___ EXERCISE INPUT ___

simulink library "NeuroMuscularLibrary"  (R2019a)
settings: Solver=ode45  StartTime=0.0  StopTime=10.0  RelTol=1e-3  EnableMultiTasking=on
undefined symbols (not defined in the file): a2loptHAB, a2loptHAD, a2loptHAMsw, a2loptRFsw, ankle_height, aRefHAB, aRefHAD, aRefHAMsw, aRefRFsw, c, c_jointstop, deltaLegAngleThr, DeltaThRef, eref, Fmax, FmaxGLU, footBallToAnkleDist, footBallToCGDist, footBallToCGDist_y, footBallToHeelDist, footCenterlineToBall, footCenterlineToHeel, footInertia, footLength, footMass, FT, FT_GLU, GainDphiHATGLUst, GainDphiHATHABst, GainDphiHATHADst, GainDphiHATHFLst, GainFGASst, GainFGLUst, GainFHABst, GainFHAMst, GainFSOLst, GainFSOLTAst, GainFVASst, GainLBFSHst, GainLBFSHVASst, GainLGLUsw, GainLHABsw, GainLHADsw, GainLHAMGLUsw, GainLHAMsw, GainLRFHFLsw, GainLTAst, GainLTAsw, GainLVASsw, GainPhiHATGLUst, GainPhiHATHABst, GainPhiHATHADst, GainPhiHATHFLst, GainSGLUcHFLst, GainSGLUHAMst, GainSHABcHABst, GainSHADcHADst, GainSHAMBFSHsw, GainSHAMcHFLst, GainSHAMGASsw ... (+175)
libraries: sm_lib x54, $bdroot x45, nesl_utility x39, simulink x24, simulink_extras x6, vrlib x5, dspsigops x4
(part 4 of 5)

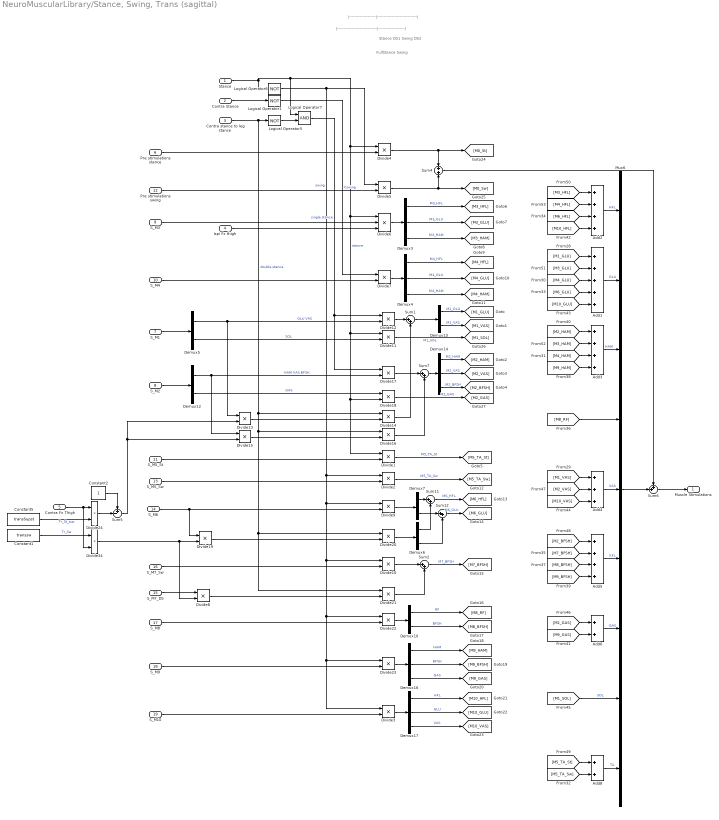
== system NeuroMuscularLibrary/Stance, Swing, Trans (sagittal) ==
  note: Stance DS1 Swing DS2
  note: FullStance Swing
  note: |------------------------------|--------------------|
  note: |--------------------|------------------------------|
  Stance : Inport
  Contra Stance : Inport  Port=2
  Contra stance to leg stance : Inport  Port=3
  Ispi Fx thigh : Inport  Port=4
  Contra Fx Thigh : Inport  Port=5
  Pre stimulations stance : Inport  Port=6
  S_M1 : Inport  Port=7
  S_M2 : Inport  Port=8
  S_M3 : Inport  Port=9
  S_M4 : Inport  Port=10
  S_M5_St : Inport  Port=11
  Pre stimulations swing : Inport  Port=12
  S_M5_Sw : Inport  Port=13
  S_M6 : Inport  Port=14
  S_M7_DS : Inport  Port=15
  S_M7_Sw : Inport  Port=16
  S_M8 : Inport  Port=17
  S_M9 : Inport  Port=18
  S_M10 : Inport  Port=19
  Add1 : Sum  Inputs=5
  Add2 : Sum  Inputs=4
  Add3 : Sum  Inputs=4
  Add4 : Sum  Inputs=3
  Add5 : Sum  Inputs=4
  Add6 : Sum  Inputs=2
  Add8 : Sum  Inputs=2
  Constant1 : Constant  Value=transsw
  Constant2 : Constant
  Constant5 : Constant  Value=transSupst
  Demux{6..7,10,13} (4 alike) : Demux  Outputs=2
  Demux12 : Demux  Outputs=[3 1]
  Demux{3..4,14,16..17} (5 alike) : Demux  Outputs=3
  Demux5 : Demux  Outputs=[2 1]
  Divide{1..5,7..24,34} (24 alike) : Product
  Divide6 : Product  Inputs=3
  Logical Operator1 : Logic  Operator=NOT  AllPortsSameDT=off  OutDataTypeStr=boolean
  Logical Operator5 : Logic  Operator=NOT  AllPortsSameDT=off  OutDataTypeStr=boolean
  Logical Operator6 : Logic  Operator=NOT  AllPortsSameDT=off  OutDataTypeStr=boolean
  Logical Operator7 : Logic  AllPortsSameDT=off  OutDataTypeStr=boolean
  Mux6 : Mux  Inputs=9
  Sum{1..2,7,11..12} (5 alike) : Sum  Inputs=|++  SaturateOnIntegerOverflow=on  InputSameDT=on  OutDataTypeStr=Inherit: Same as first input
  Sum4 : Sum  SaturateOnIntegerOverflow=on  InputSameDT=on  OutDataTypeStr=Inherit: Same as first input
  Sum5 : Sum  Inputs=+-|  SaturateOnIntegerOverflow=on  InputSameDT=on  OutDataTypeStr=Inherit: Same as first input
  Sum6 : Sum  Inputs=++|  SaturateOnIntegerOverflow=on  InputSameDT=on  OutDataTypeStr=Inherit: Same as first input
  Muscle Stimulations : Outport  OutputWhenDisabled=reset  InitialOutput=0  VectorParamsAs1DForOutWhenUnconnected=on
  wires:
  Stance/1 -> Logical Operator7/1, Divide4/1, Divide11/1, Divide18/2, Divide1/1, Divide6/1, Logical Operator6/1  "stance"
  Contra stance to leg stance/1 -> Logical Operator5/1, Divide14/1, Divide16/1, Divide20/1, Divide21/1  "double stance"
  Logical Operator5/1 -> Logical Operator7/2
  S_M4/1 -> Divide7/2
  Contra Stance/1 -> Logical Operator1/1
  Logical Operator1/1 -> Divide7/1  "Cswing"
  Constant5/1 -> Divide24/2  "Tr_St_sup"
  Divide24/1 -> Sum5/2
  Constant2/1 -> Sum5/1
  Contra Fx Thigh/1 -> Divide24/1, Divide34/2
  Demux4/1 -> [M4_HFL]  "M4_HFL"
  Add2/1 -> Mux6/1  "HFL"
  Add1/1 -> Mux6/2  "GLU"
  Demux4/2 -> [M4_GLU]  "M4_GLU"
  Add3/1 -> Mux6/3  "HAM"
  Demux4/3 -> [M4_HAM]  "M4_HAM"
  Add4/1 -> Mux6/5  "VAS"
  Add5/1 -> Mux6/6  "KFL"
  Add6/1 -> Mux6/7  "GAS"
  Add8/1 -> Mux6/9  "TA"
  Constant1/1 -> Divide34/1  "Tr_Sw"
  Divide7/1 -> Demux4/1
  Logical Operator7/1 -> Divide12/1, Divide17/1  "single stance"
  Divide34/1 -> Divide19/2, Divide8/2
  Logical Operator6/1 -> Divide5/1, Divide2/1, Divide9/1, Divide10/1, Divide3/1, Divide23/1, Divide22/1  "swing"
  Mux6/1 -> Sum6/2
  Sum6/1 -> Muscle Stimulations/1
  Sum4/1 -> Sum6/1
  Pre stimulations swing/1 -> Divide5/2
  Pre stimulations stance/1 -> Divide4/2
  Divide5/1 -> [M0_Sw], Sum4/2
  Divide4/1 -> Sum4/1, [M0_St]
  S_M1/1 -> Demux5/1
  S_M2/1 -> Demux12/1
  Demux5/1 -> Divide12/2, Divide13/1  "GLU VAS"
  Demux5/2 -> Divide11/2  "SOL"
  Divide12/1 -> Sum1/1
  Divide13/1 -> Divide14/2
  Divide14/1 -> Sum1/2
  Divide16/1 -> Sum7/2
  Divide15/1 -> Divide16/2
  Sum1/1 -> Demux13/1
  Demux13/1 -> [M1_GLU]  "M1_GLU"
  Demux13/2 -> [M1_VAS]  "M1_VAS"
  Demux12/1 -> Divide17/2, Divide15/1  "HAM VAS BFSH"
  Divide17/1 -> Sum7/1
  Sum7/1 -> Demux14/1
  Demux14/1 -> [M2_HAM]  "M2_HAM"
  Demux14/2 -> [M2_VAS]  "M2_VAS"
  Demux14/3 -> [M2_BFSH]  "M2_BFSH"
  Demux12/2 -> Divide18/1  "GAS"
  Divide18/1 -> [M2_GAS]  "M2_GAS"
  S_M5_St/1 -> Divide1/2
  Divide1/1 -> [M5_TA_St]  "M5_TA_St"
  Divide11/1 -> [M1_SOL]  "M1_SOL"
  S_M3/1 -> Divide6/2
  Ispi Fx thigh/1 -> Divide6/3
  Divide6/1 -> Demux3/1
  Demux3/1 -> [M3_HFL]  "M3_HFL"
  Demux3/2 -> [M3_GLU]  "M3_GLU"
  Demux3/3 -> [M3_HAM]  "M3_HAM"
  S_M5_Sw/1 -> Divide2/2
  Divide2/1 -> [M5_TA_Sw]  "M5_TA_Sw"
  S_M6/1 -> Divide9/2, Divide19/1
  Divide9/1 -> Demux7/1
  Demux7/2 -> Sum12/1
  Divide20/1 -> Demux6/1
  Demux6/1 -> Sum11/2
  Demux6/2 -> Sum12/2
  Demux7/1 -> Sum11/1
  Divide19/1 -> Divide20/2
  Sum11/1 -> [M6_HFL]  "M6_HFL"
  Sum12/1 -> [M6_GLU]  "M6_GLU"
  Divide10/1 -> Sum2/1
  Divide21/1 -> Sum2/2
  Sum5/1 -> Divide13/2, Divide15/2
  S_M7_Sw/1 -> Divide10/2
  Divide8/1 -> Divide21/2
  S_M7_DS/1 -> Divide8/1
  Sum2/1 -> [M7_BFSH]  "M7_BFSH"
  S_M8/1 -> Divide22/2
  Divide22/1 -> Demux10/1
  S_M9/1 -> Divide23/2
  Divide23/1 -> Demux16/1
  S_M10/1 -> Divide3/2
  Divide3/1 -> Demux17/1
  Demux10/2 -> [M8_BFSH]  "BFSH"
  Demux10/1 -> [M8_RF]  "RF"
  Demux16/1 -> [M9_HAM]  "HAM"
  Demux16/2 -> [M9_BFSH]  "BFSH"
  Demux16/3 -> [M9_GAS]  "GAS"
  Demux17/1 -> [M10_HFL]  "HFL"
  Demux17/2 -> [M10_GLU]  "GLU"
  Demux17/3 -> [M10_VAS]  "VAS"
  [M1_GLU] -> Add1/1
  [M3_GLU] -> Add1/2
  [M4_GLU] -> Add1/3
  [M6_GLU] -> Add1/4
  [M10_GLU] -> Add1/5
  [M1_VAS] -> Add4/1
  [M2_HAM] -> Add3/1
  [M2_VAS] -> Add4/2
  [M2_BFSH] -> Add5/1
  [M2_GAS] -> Add6/1
  [M3_HFL] -> Add2/1
  [M3_HAM] -> Add3/2
  [M4_HFL] -> Add2/2
  [M4_HAM] -> Add3/3
  [M5_TA_St] -> Add8/1
  [M5_TA_Sw] -> Add8/2
  [M6_HFL] -> Add2/3
  [M7_BFSH] -> Add5/2
  [M9_BFSH] -> Add5/4
  [M8_BFSH] -> Add5/3
  [M8_RF] -> Mux6/4
  [M9_HAM] -> Add3/4
  [M9_GAS] -> Add6/2
  [M10_HFL] -> Add2/4
  [M10_VAS] -> Add4/3
  [M1_SOL] -> Mux6/8  "SOL"

== system NeuroMuscularLibrary/Swing Phase (coronal) ==
  note: Swing Phase Control
  note: M6: swing hip
  Target Angle Coronal : Inport
  LceHAD : Inport  Port=2
  LceHAB : Inport  Port=3
  Enable : EnablePort  StatesWhenEnabling=reset  ZeroCross=off
  " 1" : Gain  Gain=a2loptHAB
  " 2" : Gain  Gain=a2loptHAD
  " 3" : Gain  Gain=GainLHABsw
  " 4" : Gain  Gain=GainLHADsw
  Constant1 : Constant
  Constant12 : Constant  Value=PreStimHADsw
  Constant15 : Constant  Value=PreStimHABsw
  Constant2 : Constant  Value=aRefHAB
  Constant3 : Constant  Value=aRefHAD
  Constant5 : Constant
  Mux : Mux  Inputs=2
  Mux1 : Mux  Inputs=2
  Sum1 : Sum  Inputs=-+|  SaturateOnIntegerOverflow=on  InputSameDT=on  OutDataTypeStr=Inherit: Same as first input
  Sum10 : Sum  Inputs=++|  SaturateOnIntegerOverflow=on  InputSameDT=on  OutDataTypeStr=Inherit: Same as first input
  Sum13 : Sum  Inputs=|-+  SaturateOnIntegerOverflow=on  InputSameDT=on  OutDataTypeStr=Inherit: Same as first input
  Sum2 : Sum  Inputs=-+|  SaturateOnIntegerOverflow=on  InputSameDT=on  OutDataTypeStr=Inherit: Same as first input
  Sum3 : Sum  Inputs=+-|  SaturateOnIntegerOverflow=on  InputSameDT=on  OutDataTypeStr=Inherit: Same as first input
  Sum4 : Sum  Inputs=+-|  SaturateOnIntegerOverflow=on  InputSameDT=on  OutDataTypeStr=Inherit: Same as first input
  positive half1 : Saturate  UpperLimit=inf  LowerLimit=0  ZeroCross=off
  positive half2 : Saturate  UpperLimit=inf  LowerLimit=0  ZeroCross=off
  S_0_Sw : Outport  OutputWhenDisabled=reset  InitialOutput=0  VectorParamsAs1DForOutWhenUnconnected=on
  S_M6 [HAB HAD] : Outport  Port=2  OutputWhenDisabled=reset  InitialOutput=0  VectorParamsAs1DForOutWhenUnconnected=on
  wires:
  Mux/1 -> S_0_Sw/1
  Constant5/1 -> Sum10/1
  Sum13/1 -> " 1"/1
  " 1"/1 -> Sum10/2
  Sum10/1 -> Sum1/1  "lceOffHAB"
  Sum1/1 -> positive half2/1
  positive half2/1 -> " 3"/1
  Constant1/1 -> Sum3/1
  Target Angle Coronal/1 -> Sum13/2, Sum4/1
  Sum4/1 -> " 2"/1
  " 2"/1 -> Sum3/2
  Sum3/1 -> Sum2/1  "lceOffHAD"
  Sum2/1 -> positive half1/1
  positive half1/1 -> " 4"/1
  LceHAB/1 -> Sum1/2
  LceHAD/1 -> Sum2/2
  " 3"/1 -> Mux1/1  "HAB"
  " 4"/1 -> Mux1/2  "HAD"
  Mux1/1 -> S_M6 [HAB HAD]/1
  Constant15/1 -> Mux/1
  Constant12/1 -> Mux/2
  Constant2/1 -> Sum13/1
  Constant3/1 -> Sum4/2

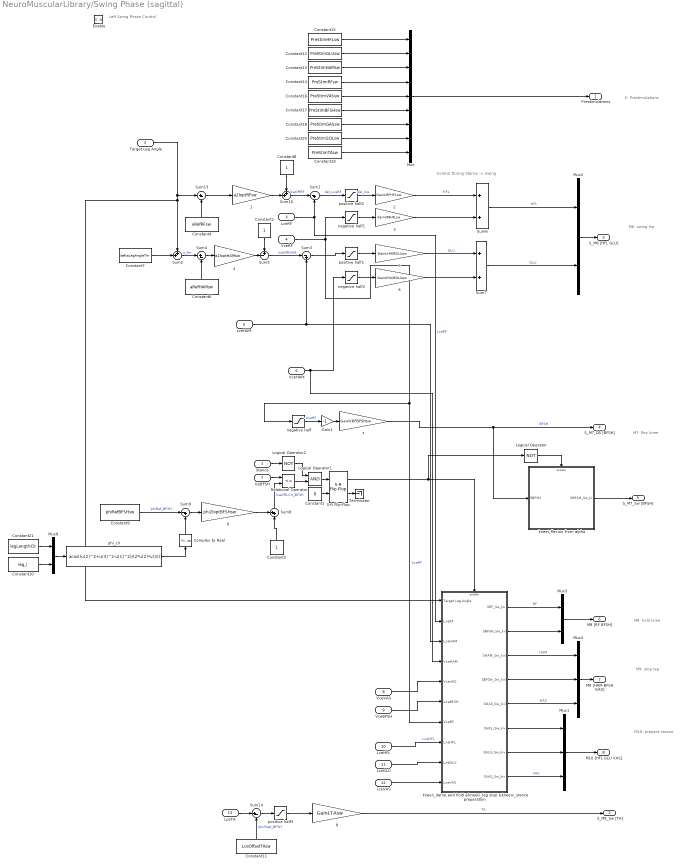
== system NeuroMuscularLibrary/Swing Phase (sagittal) ==
  note: Left Swing Phase Control
  note: Control During Stance -> Swing
  note: 0: Prestimulations
  note: M6: swing hip
  note: M7: flex knee
  note: M8: hold knee
  note: M9: stop leg
  note: M10: prepare stance
  Stance : Inport
  "Target Leg Angle " : Inport  Port=2
  LceRF : Inport  Port=3
  VceRF : Inport  Port=4
  LceHAM : Inport  Port=5
  VceHAM : Inport  Port=6
  lceBFSH : Inport  Port=7
  VceVAS : Inport  Port=8
  VceBFSH : Inport  Port=9
  LceHFL : Inport  Port=10
  LceGLU : Inport  Port=11
  LceVAS : Inport  Port=12
  LceTA : Inport  Port=13
  Enable : EnablePort  StatesWhenEnabling=reset  ZeroCross=off
  " 1" : Gain  Gain=a2loptRFsw
  " 2" : Gain  Gain=GainLRFHFLsw
  " 3" : Gain  Gain=GainVRFHFLsw
  " 4" : Gain  Gain=a2loptHAMsw
  " 5" : Gain  Gain=GainLHAMGLUsw
  " 6" : Gain  Gain=GainVHAMGLUsw
  " 7" : Gain  Gain=GainVRFBFSHsw
  " 8" : Gain  Gain=GainLTAsw
  " 9" : Gain  Gain=phi2loptBFSHsw
  Complex to Real : ComplexToRealImag  Output=Real
  Constant1 : Constant  Value=0  OutDataTypeStr=boolean
  Constant10 : Constant  Value=leg_l
  Constant11 : Constant  Value=LceOffsetTAsw
  Constant12 : Constant  Value=PreStimGLUsw
  Constant13 : Constant  Value=PreStimHAMsw
  Constant14 : Constant  Value=PreStimRFsw
  Constant15 : Constant  Value=PreStimHFLsw
  Constant16 : Constant  Value=PreStimVASsw
  Constant17 : Constant  Value=PreStimBFSHsw
  Constant18 : Constant  Value=PreStimGASsw
  Constant19 : Constant  Value=PreStimTAsw
  Constant2 : Constant
  Constant20 : Constant  Value=PreStimSOLsw
  Constant21 : Constant  Value=legLengthClr
  Constant3 : Constant
  Constant4 : Constant  Value=aRefRFsw
  Constant6 : Constant  Value=aRefHAMsw
  Constant7 : Constant  Value=deltaLegAngleThr
  Constant8 : Constant
  Constant9 : Constant  Value=phiRefBFSHsw
  Gain1 : Gain  Gain=-1
  Logical Operator : Logic  Operator=NOT  AllPortsSameDT=off  OutDataTypeStr=boolean
  Logical Operator1 : Logic  AllPortsSameDT=off  OutDataTypeStr=boolean
  Logical Operator2 : Logic  Operator=NOT  AllPortsSameDT=off  OutDataTypeStr=boolean
  Mux : Mux  Inputs=9
  Mux1 : Mux  Inputs=3
  Mux2 : Mux  Inputs=2
  Mux3 : Mux  Inputs=2
  Mux4 : Mux  Inputs=3
  Mux8 : Mux  Inputs=2
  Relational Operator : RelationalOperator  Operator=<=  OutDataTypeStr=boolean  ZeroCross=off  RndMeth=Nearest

___

### EXERCISE GOAL
From the listing above, return the lines starting at the one with "Ispi Fx thigh/1 -> Divide6/3" and ending at the one with "Sum11/1 -> [M6_HFL]", both kept, exactly as they appear and nothing more.

### PROBLEM SOLUTION
  Ispi Fx thigh/1 -> Divide6/3
  Divide6/1 -> Demux3/1
  Demux3/1 -> [M3_HFL]  "M3_HFL"
  Demux3/2 -> [M3_GLU]  "M3_GLU"
  Demux3/3 -> [M3_HAM]  "M3_HAM"
  S_M5_Sw/1 -> Divide2/2
  Divide2/1 -> [M5_TA_Sw]  "M5_TA_Sw"
  S_M6/1 -> Divide9/2, Divide19/1
  Divide9/1 -> Demux7/1
  Demux7/2 -> Sum12/1
  Divide20/1 -> Demux6/1
  Demux6/1 -> Sum11/2
  Demux6/2 -> Sum12/2
  Demux7/1 -> Sum11/1
  Divide19/1 -> Divide20/2
  Sum11/1 -> [M6_HFL]  "M6_HFL"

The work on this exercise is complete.